**フローレンス・マデリン・"マッジ"・ケーブ**は、19世紀のイングランドで15人きょうだいのひとりとして生まれた。家族の中で特に運動神経に優れた子どもで、水泳や馬術などに取り組み、中でもスケートに夢中だった。
マッジはロンドンにあったエリート・フィギュア・スケーターだけの会員制クラブ「プリンス・スケート・クラブ」に入会した。彼女はスケートを通じて、後に夫となる人物、**エドガー・サイアーズ**と出会う。
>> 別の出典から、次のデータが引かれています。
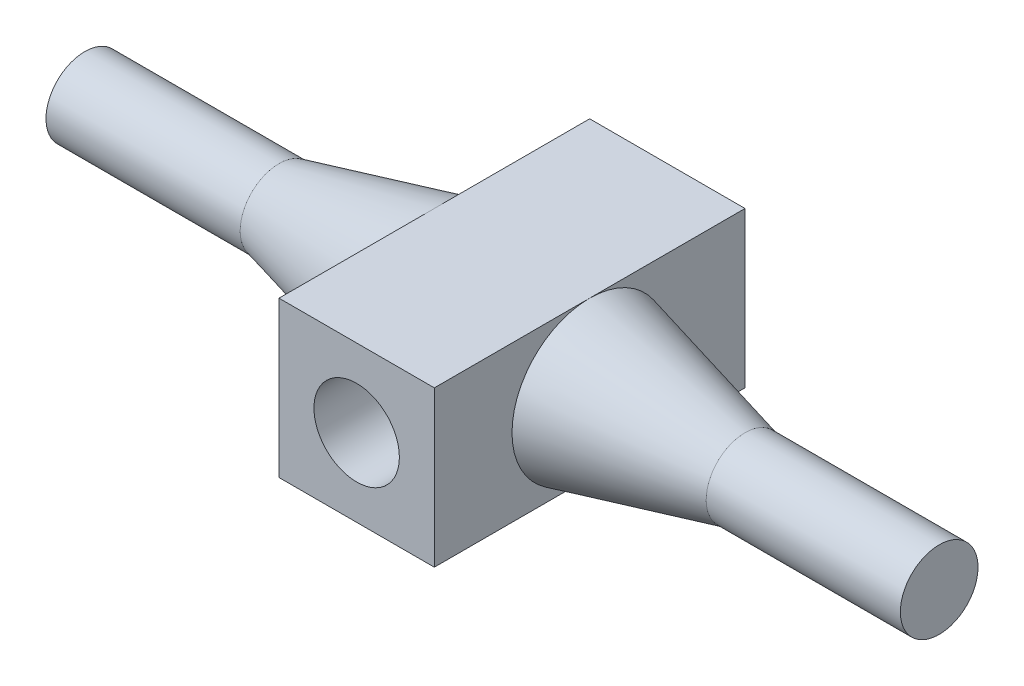
from build123d import *

# Parameters (mm, degrees)
SKETCH1_W           = 2
SKETCH1_H           = 2
SKETCH1_R           = 0.55
BOSS_EXTRUDE1_DEPTH = 4


with BuildPart() as part:
    # Sketch1 → Boss-Extrude1 (new body)
    with BuildSketch(Plane.XY):
        Rectangle(SKETCH1_W, SKETCH1_H)
        Circle(SKETCH1_R, mode=Mode.SUBTRACT)
    extrude(amount=BOSS_EXTRUDE1_DEPTH)

    # 草图1 → 旋转1 (revolve)
    with BuildSketch(Plane.XY.offset(2)):
        Polygon((1, 1), (1, 0), (5.5, 0), (5.5, 0.5), (3, 0.5), align=None)
        Polygon((-1, 0), (-5.5, 0), (-5.5, 0.5), (-3, 0.5), (-1, 1), align=None)
    revolve(axis=Axis((-1, 0, 2), (-1, 0, 0)))


solid = part.part
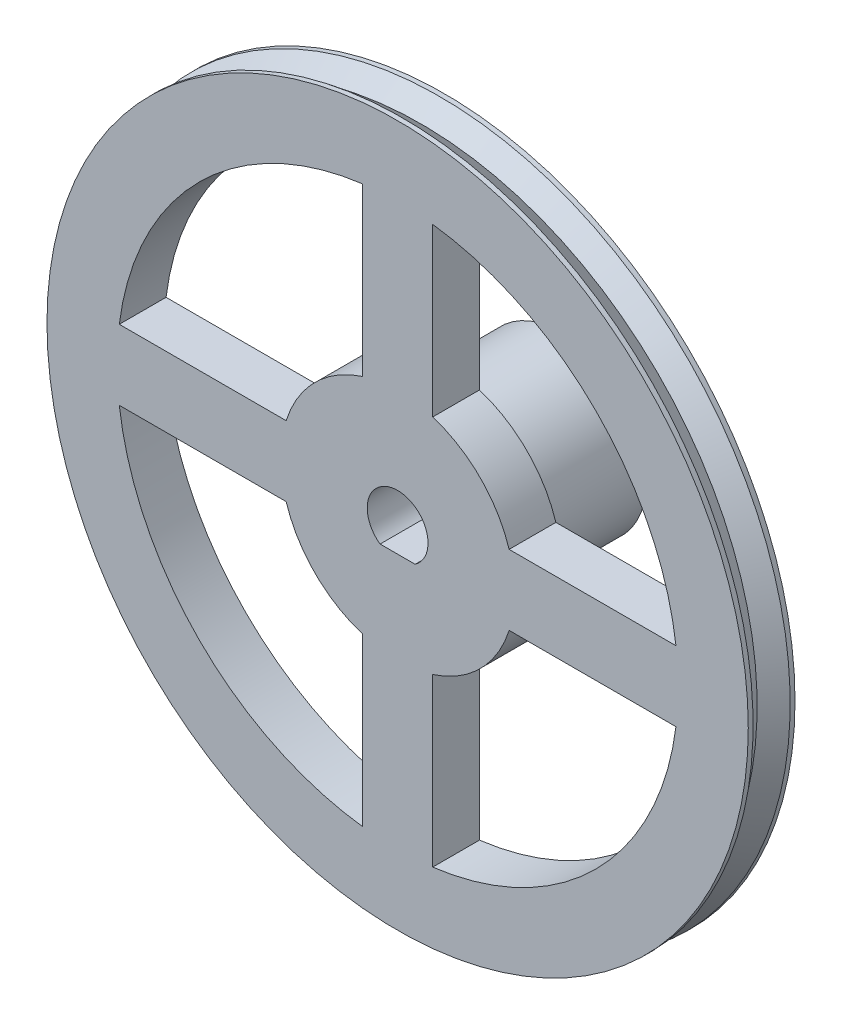
from build123d import *

# Parameters (mm, degrees)
CROQUIS1_R              = 30
SALIENTE_EXTRUIR1_DEPTH = 4
CROQUIS4_R              = 7.319391613
SALIENTE_EXTRUIR2_DEPTH = 10
CORTAR_EXTRUIR1_DEPTH   = 10
CORTAR_EXTRUIR2_DEPTH   = 15


with BuildPart() as part:
    # Croquis1 → Saliente-Extruir1 (new body)
    with BuildSketch(Plane.XY):
        Circle(CROQUIS1_R)
    extrude(amount=SALIENTE_EXTRUIR1_DEPTH)

    # Croquis3 → Cortar-Revolución1 (revolve, cut)
    with BuildSketch(Plane(origin=(0, 0, 0), x_dir=(1, 0, 0), z_dir=(0, 1, 0))):
        Polygon((-30, -4), (-30, -3.587135196), (-28.759048166, -2), (-30, -0.412864804), (-30, 0), (-32.403502023, 0), (-32.403502023, -4), align=None)
    revolve(axis=Axis((0, 0, -0.500745856), (0, 0, 1)), mode=Mode.SUBTRACT)

    # Croquis4 → Saliente-Extruir2 (add)
    with BuildSketch(Plane(origin=(0, 0, 0), x_dir=(-1, 0, 0), z_dir=(0, 0, -1))):
        Circle(CROQUIS4_R)
    extrude(amount=SALIENTE_EXTRUIR2_DEPTH)

    # Croquis5 → Cortar-Extruir1 (cut)
    with BuildSketch(Plane(origin=(0, 0, 0), x_dir=(-1, 0, 0), z_dir=(0, 0, -1))):
        with BuildLine():
            Line((-23.8117618, -3), (-9.539392014, -3))
            ThreePointArc((-9.539392014, -3), (-7.071067812, -7.071067812), (-3, -9.539392014))
            Line((-3, -9.539392014), (-3, -23.8117618))
            ThreePointArc((-3, -23.8117618), (-16.970562748, -16.970562748), (-23.8117618, -3))
        make_face()
        with BuildLine():
            Line((-23.8117618, 3), (-9.539392014, 3))
            ThreePointArc((-9.539392014, 3), (-7.071067812, 7.071067812), (-3, 9.539392014))
            Line((-3, 9.539392014), (-3, 23.8117618))
            ThreePointArc((-3, 23.8117618), (-16.970562748, 16.970562748), (-23.8117618, 3))
        make_face()
        with BuildLine():
            Line((3, 23.8117618), (3, 9.539392014))
            ThreePointArc((3, 9.539392014), (7.071067812, 7.071067812), (9.539392014, 3))
            Line((9.539392014, 3), (23.8117618, 3))
            ThreePointArc((23.8117618, 3), (16.970562748, 16.970562748), (3, 23.8117618))
        make_face()
        with BuildLine():
            Line((23.8117618, -3), (9.539392014, -3))
            ThreePointArc((9.539392014, -3), (7.071067812, -7.071067812), (3, -9.539392014))
            Line((3, -9.539392014), (3, -23.8117618))
            ThreePointArc((3, -23.8117618), (16.970562748, -16.970562748), (23.8117618, -3))
        make_face()
    extrude(amount=-CORTAR_EXTRUIR1_DEPTH, mode=Mode.SUBTRACT)

    # Croquis6 → Cortar-Extruir2 (cut, through all)
    with BuildSketch(Plane(origin=(0, 0, -10), x_dir=(-1, 0, 0), z_dir=(0, 0, -1))):
        with BuildLine():
            Line((1.5, -2.123676058), (-1.5, -2.123676058))
            ThreePointArc((-1.5, -2.123676058), (0, 2.6), (1.5, -2.123676058))
        make_face()
    extrude(amount=-CORTAR_EXTRUIR2_DEPTH, mode=Mode.SUBTRACT)


solid = part.part
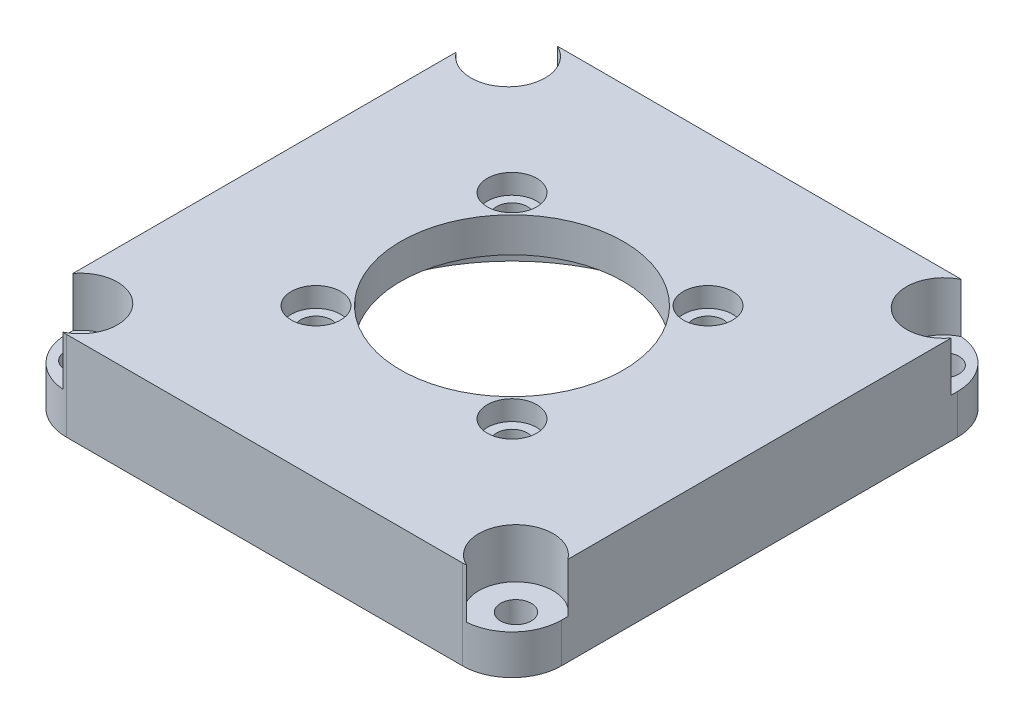
from build123d import *

# Parameters (mm, degrees)
SKETCH1_W               = 50
SKETCH1_H               = 50
BOSS_EXTRUDE1_DEPTH     = 12
FILLET1_R               = 5
SKETCH3_R               = 18.25
CUT_EXTRUDE1_DEPTH      = 5.5
SKETCH4_R               = 11.25
CUT_EXTRUDE2_DEPTH      = 10
SKETCH5_W               = 62.97921445
SKETCH5_H               = 70.453436458
CUT_EXTRUDE3_DEPTH      = 3
SKETCH6_R               = 2.5
CUT_EXTRUDE4_DEPTH      = 2
SKETCH7_R               = 1.55
CUT_EXTRUDE5_DEPTH      = 3
SKETCH8_R               = 1.55
CUT_EXTRUDE6_DEPTH      = 12
SKETCH9_R               = 3.75
CUT_EXTRUDE7_DEPTH      = 5
MIRROR2_COPY_1_SKETCH_R = 1.55
MIRROR2_COPY_1_DEPTH    = 12
MIRROR2_COPY_2_SKETCH_R = 3.75
MIRROR2_COPY_2_DEPTH    = 5


with BuildPart() as part:
    # Sketch1 → Boss-Extrude1 (new body)
    with BuildSketch(Plane(origin=(0, 0, 0), x_dir=(1, 0, 0), z_dir=(0, 1, 0))):
        Rectangle(SKETCH1_W, SKETCH1_H)
    extrude(amount=BOSS_EXTRUDE1_DEPTH)

    # Fillet1
    fillet1_edges = [part.edges().sort_by_distance(p)[0] for p in [
        (25, 6, 25),
        (-25, 6, 25),
        (-25, 6, -25),
        (25, 6, -25),
    ]]
    fillet(fillet1_edges, radius=FILLET1_R)

    # Sketch3 → Cut-Extrude1 (cut)
    with BuildSketch(Plane.XZ):
        Circle(SKETCH3_R)
    extrude(amount=-CUT_EXTRUDE1_DEPTH, mode=Mode.SUBTRACT)

    # Sketch4 → Cut-Extrude2 (cut)
    with BuildSketch(Plane.XZ.offset(-5.5)):
        Circle(SKETCH4_R)
    extrude(amount=-CUT_EXTRUDE2_DEPTH, mode=Mode.SUBTRACT)

    # Sketch5 → Cut-Extrude3 (cut)
    with BuildSketch(Plane(origin=(0, 12, 0), x_dir=(1, 0, 0), z_dir=(0, 1, 0))):
        Rectangle(SKETCH5_W, SKETCH5_H)
    extrude(amount=-CUT_EXTRUDE3_DEPTH, mode=Mode.SUBTRACT)

    # Sketch6 → Cut-Extrude4 (cut)
    with BuildSketch(Plane(origin=(0, 9, 0), x_dir=(1, 0, 0), z_dir=(0, 1, 0))):
        with Locations((-9.899494937, 9.899494937)):
            Circle(SKETCH6_R)
        with Locations((9.899494937, 9.899494937)):
            Circle(SKETCH6_R)
        with Locations((-9.899494937, -9.899494937)):
            Circle(SKETCH6_R)
        with Locations((9.899494937, -9.899494937)):
            Circle(SKETCH6_R)
    extrude(amount=-CUT_EXTRUDE4_DEPTH, mode=Mode.SUBTRACT)

    # Sketch7 → Cut-Extrude5 (cut)
    with BuildSketch(Plane(origin=(0, 7, 0), x_dir=(1, 0, 0), z_dir=(0, 1, 0))):
        with Locations((-9.899494937, 9.899494937)):
            Circle(SKETCH7_R)
        with Locations((9.899494937, 9.899494937)):
            Circle(SKETCH7_R)
        with Locations((-9.899494937, -9.899494937)):
            Circle(SKETCH7_R)
        with Locations((9.899494937, -9.899494937)):
            Circle(SKETCH7_R)
    extrude(amount=-CUT_EXTRUDE5_DEPTH, mode=Mode.SUBTRACT)

    # Sketch8 → Cut-Extrude6 (cut)
    with BuildSketch(Plane(origin=(0, 9, 0), x_dir=(1, 0, 0), z_dir=(0, 1, 0))):
        with Locations((-22, 21.6)):
            Circle(SKETCH8_R)
    cut_extrude6 = extrude(amount=-CUT_EXTRUDE6_DEPTH, mode=Mode.SUBTRACT)

    # Sketch9 → Cut-Extrude7 (cut)
    with BuildSketch(Plane(origin=(0, 9, 0), x_dir=(1, 0, 0), z_dir=(0, 1, 0))):
        with Locations((-22, 21.6)):
            Circle(SKETCH9_R)
    cut_extrude7 = extrude(amount=-CUT_EXTRUDE7_DEPTH, mode=Mode.SUBTRACT)

    # Mirror1: Cut-Extrude6, Cut-Extrude7 across plane
    add(cut_extrude6.mirror(Plane(origin=(0, 0, 0), x_dir=(0, 0, 1), z_dir=(1, 0, 0))), mode=Mode.SUBTRACT)
    add(cut_extrude7.mirror(Plane(origin=(0, 0, 0), x_dir=(0, 0, 1), z_dir=(1, 0, 0))), mode=Mode.SUBTRACT)

    # Mirror2: Cut-Extrude6, Cut-Extrude7 across plane
    add(cut_extrude6.mirror(Plane.XY), mode=Mode.SUBTRACT)
    add(cut_extrude7.mirror(Plane.XY), mode=Mode.SUBTRACT)

    # Mirror2 copy 1 sketch → Mirror2 copy 1 (cut)
    with BuildSketch(Plane(origin=(0, 9, 0), x_dir=(-1, 0, 0), z_dir=(0, 1, 0))):
        with Locations((-22, 21.6)):
            Circle(MIRROR2_COPY_1_SKETCH_R)
    extrude(amount=-MIRROR2_COPY_1_DEPTH, mode=Mode.SUBTRACT)

    # Mirror2 copy 2 sketch → Mirror2 copy 2 (cut)
    with BuildSketch(Plane(origin=(0, 9, 0), x_dir=(-1, 0, 0), z_dir=(0, 1, 0))):
        with Locations((-22, 21.6)):
            Circle(MIRROR2_COPY_2_SKETCH_R)
    extrude(amount=-MIRROR2_COPY_2_DEPTH, mode=Mode.SUBTRACT)


solid = part.part

エドガーはフィギュアスケートの愛好家で、彼女の最初のコーチとなったほか、夫妻はスケートの技やさまざまな要素を取り入れる方法を記した『The Art of Skating』を共同で執筆した。
当時のイングランドでは冬になると男女を問わずスケートが盛んに行われていたものの、国際大会は男子の大会のみ。サイアーズは1902年、その常識を覆すべく史上初の女子スケーターとして世界選手権に出場することを決めた。当初、審査員は彼女の出場を認めない方針だったが、特に女子の出場を制限する規則がなく、サイアーズの出場を許可。サイアーズは見事、**ウルリッヒ・サルコウ**に次いで2位となり、ISUが女子世界選手権を創設する道筋をつけたのだった。
大会デビューの時、サイアーズは足元までのロングスカートで出場したが、審査員に足の動きを見せるため、ふくらはぎ丈のスカートという女子スケートの衣装の新しいトレンドを作った。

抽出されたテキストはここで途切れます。